Let $\mu$ and $\nu$ be absolutely continuous with respect to $\rho$ (which exists, since there are joins), and denote by $f$ and $g$ their Radon-Nikodym derivatives, respectively. Does the measure $f\,g\,\rho$ give the meet?

Evan Patterson (Jun 08 2020 at 23:55):

In the case of the stronger, set-wise order on finite (signed) measures (given by $\mu \leq \nu$ iff $\mu(A) \leq \nu(A)$ for all $A$ ), I once checked that meets and joins exist and are given by meets and joins of the corresponding Radon-Nikodym derivatives. Thus, the meet of $\mu$ and $\nu$ is $d(\mu \wedge \nu) = (f \wedge g) d\rho$ , where $f$ and $g$ are the derivatives of $\mu$ and $\nu$ with respect to any dominating (nonnegative) measure $\rho$ .

Evan Patterson (Jun 08 2020 at 23:59):

I could post some hand-written but readable notes on this, if people are interested. I'm not sure about the case of the absolute continuity order.

Paolo Perrone (Jun 09 2020 at 01:21):

Evan Patterson said:

I could post some hand-written but readable notes on this, if people are interested. I'm not sure about the case of the absolute continuity order.

That would be nice!

Evan Patterson (Jun 09 2020 at 01:46):

OK, here are some notes, which I hope are legible (and correct!). lattice_measures.pdf

Paolo Perrone (Jun 09 2020 at 13:22):

Thank you!

Tobias Fritz (Jun 09 2020 at 14:03):

Thanks, Evan!
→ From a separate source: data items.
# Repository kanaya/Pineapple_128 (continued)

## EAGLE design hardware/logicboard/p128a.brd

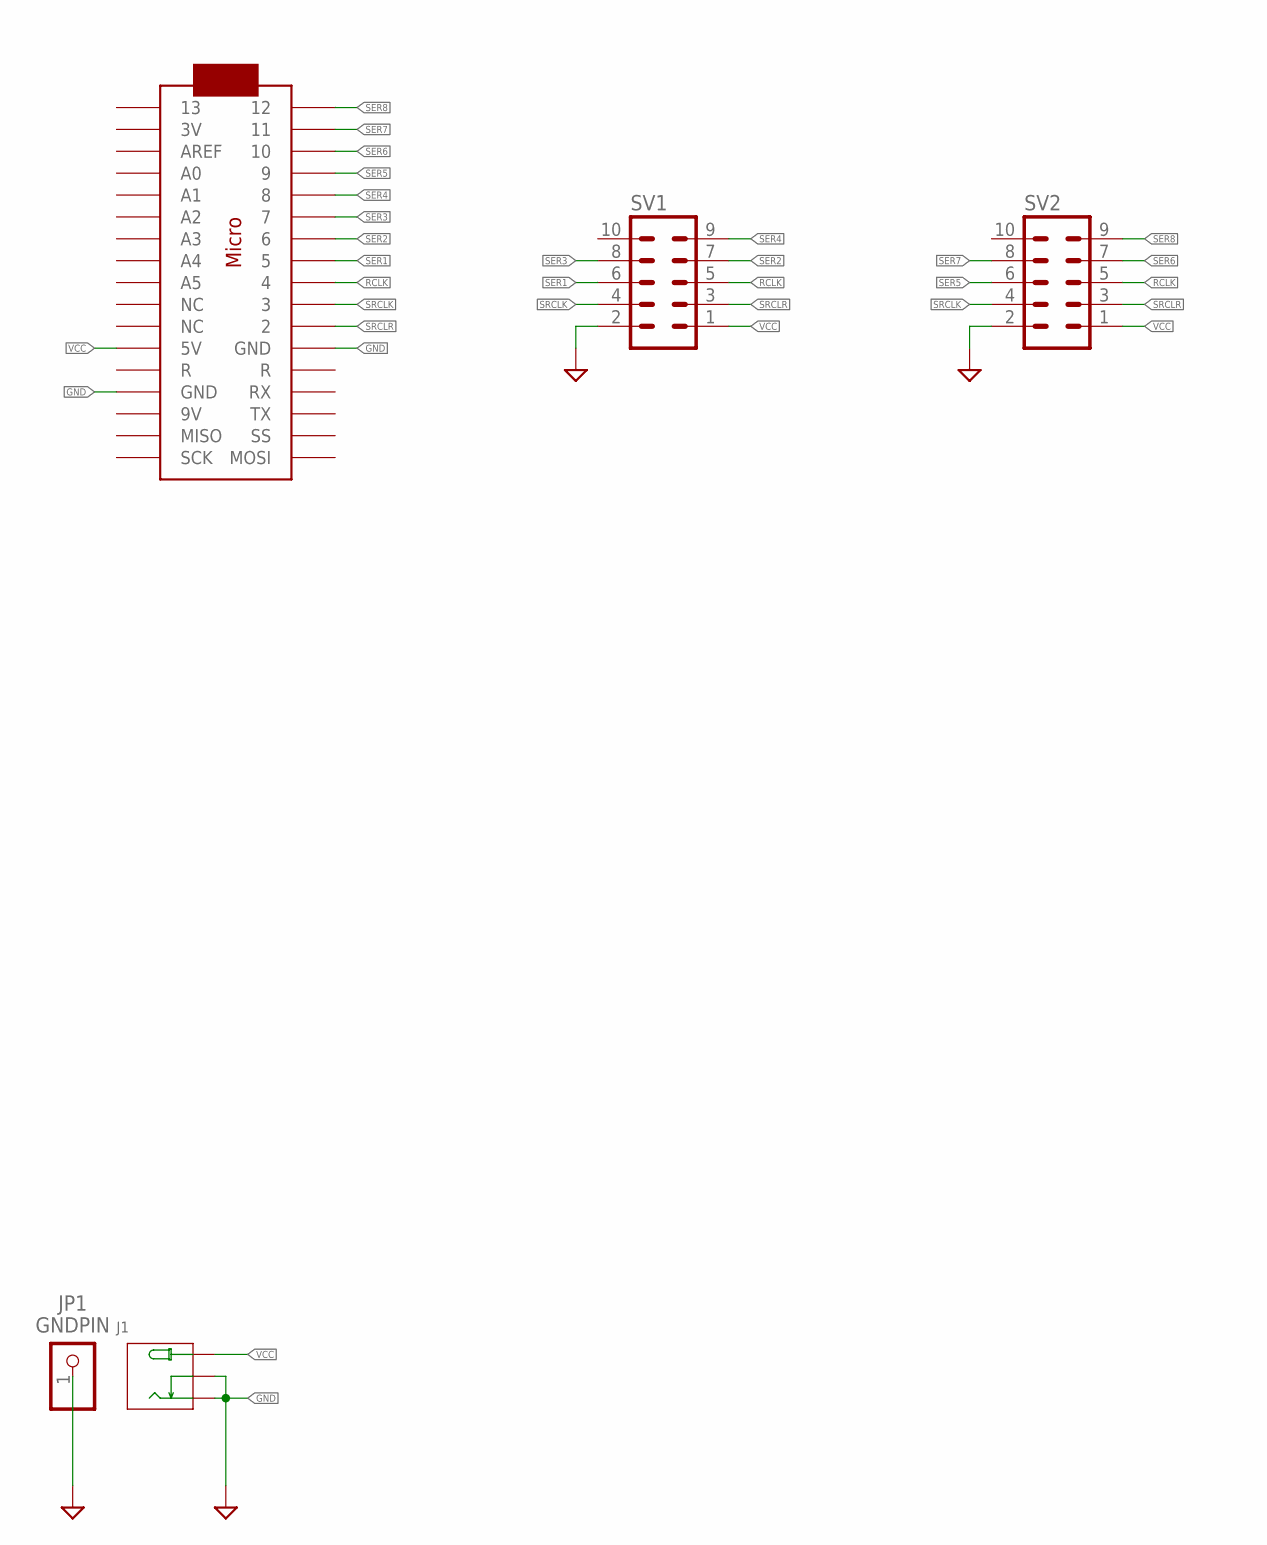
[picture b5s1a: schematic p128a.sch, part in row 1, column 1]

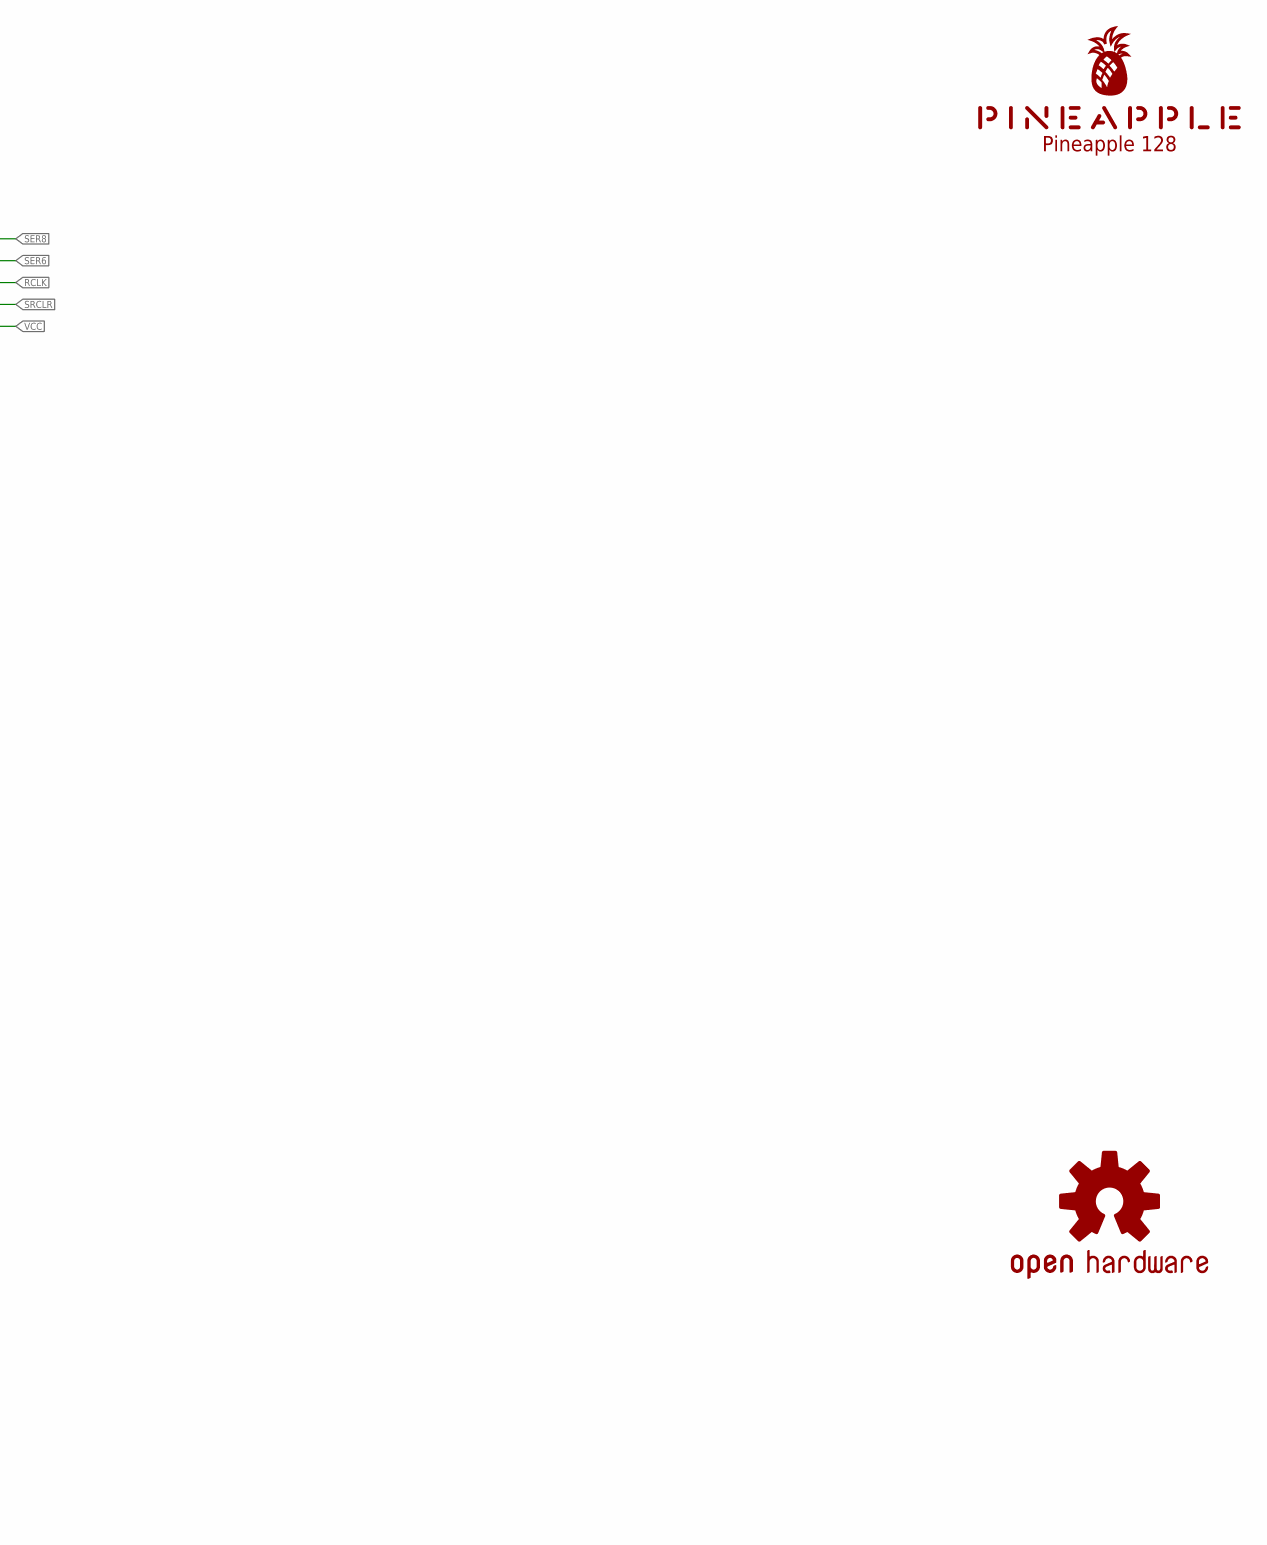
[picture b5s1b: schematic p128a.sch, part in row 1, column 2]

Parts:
J1: JACK-DC-005'DC-005'; 3P-L14.2*W11.0*H9.0MM
JP1: GNDPIN; 1X01
LOGO1: OSHW-LOGOS-COPPER; OSHW-LOGO-S_COPPER
MC1: ARDUINOMICRO
SV1, SV2: ML10L
U$1: PINEAPPLE450_SILK

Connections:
GND: J1.-1 (-), J1.-2 (CDN), JP1.1, MC1.P$12 (GND), MC1.P$21 (GND), SV1.2, SV2.2
RCLK: MC1.P$9 (4), SV1.5, SV2.5
SER1: MC1.P$8 (5), SV1.6
SER2: MC1.P$7 (6), SV1.7
SER3: MC1.P$6 (7), SV1.8
SER4: MC1.P$5 (8), SV1.9
SER5: MC1.P$4 (9), SV2.6
SER6: MC1.P$3 (10), SV2.7
SER7: MC1.P$2 (11), SV2.8
SER8: MC1.P$1 (12), SV2.9
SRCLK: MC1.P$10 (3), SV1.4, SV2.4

That construction seems likely to work, in the sense that your meets and joins are plausibly also meets and joins with respect to the absolute continuity preorder. But I haven't gone through the details yet.

Some background for the question: I've been thinking a bit about categories similar to measurable spaces, and I've been wondering whether there may be such a category in which every probability measure on every space would have a "support", either in the sense of a smallest subobject from which the measure is induced by pushforward or in the Markov categories sense of support. In such a category, I would expect the equivalence classes of probability measures on $[0,1]$ with respect to absolute continuity to form part of the subobject poset of $[0,1]$ .

I currently think that the opposite of the category of commutative $W^*$ -algebras is an excellent candidate for such a category. And it has a number of other desirable features: completeness, cocompleteness, apparently cartesian closure (the latter per abelianizing Kornell's result on the monoidal closure of the opposite of the category of not-necessarily-commutative $W^*$ -algebras), and an immediate generalization to the quantum case given by dropping commutativity. But actually this belongs to the "open problems" thread.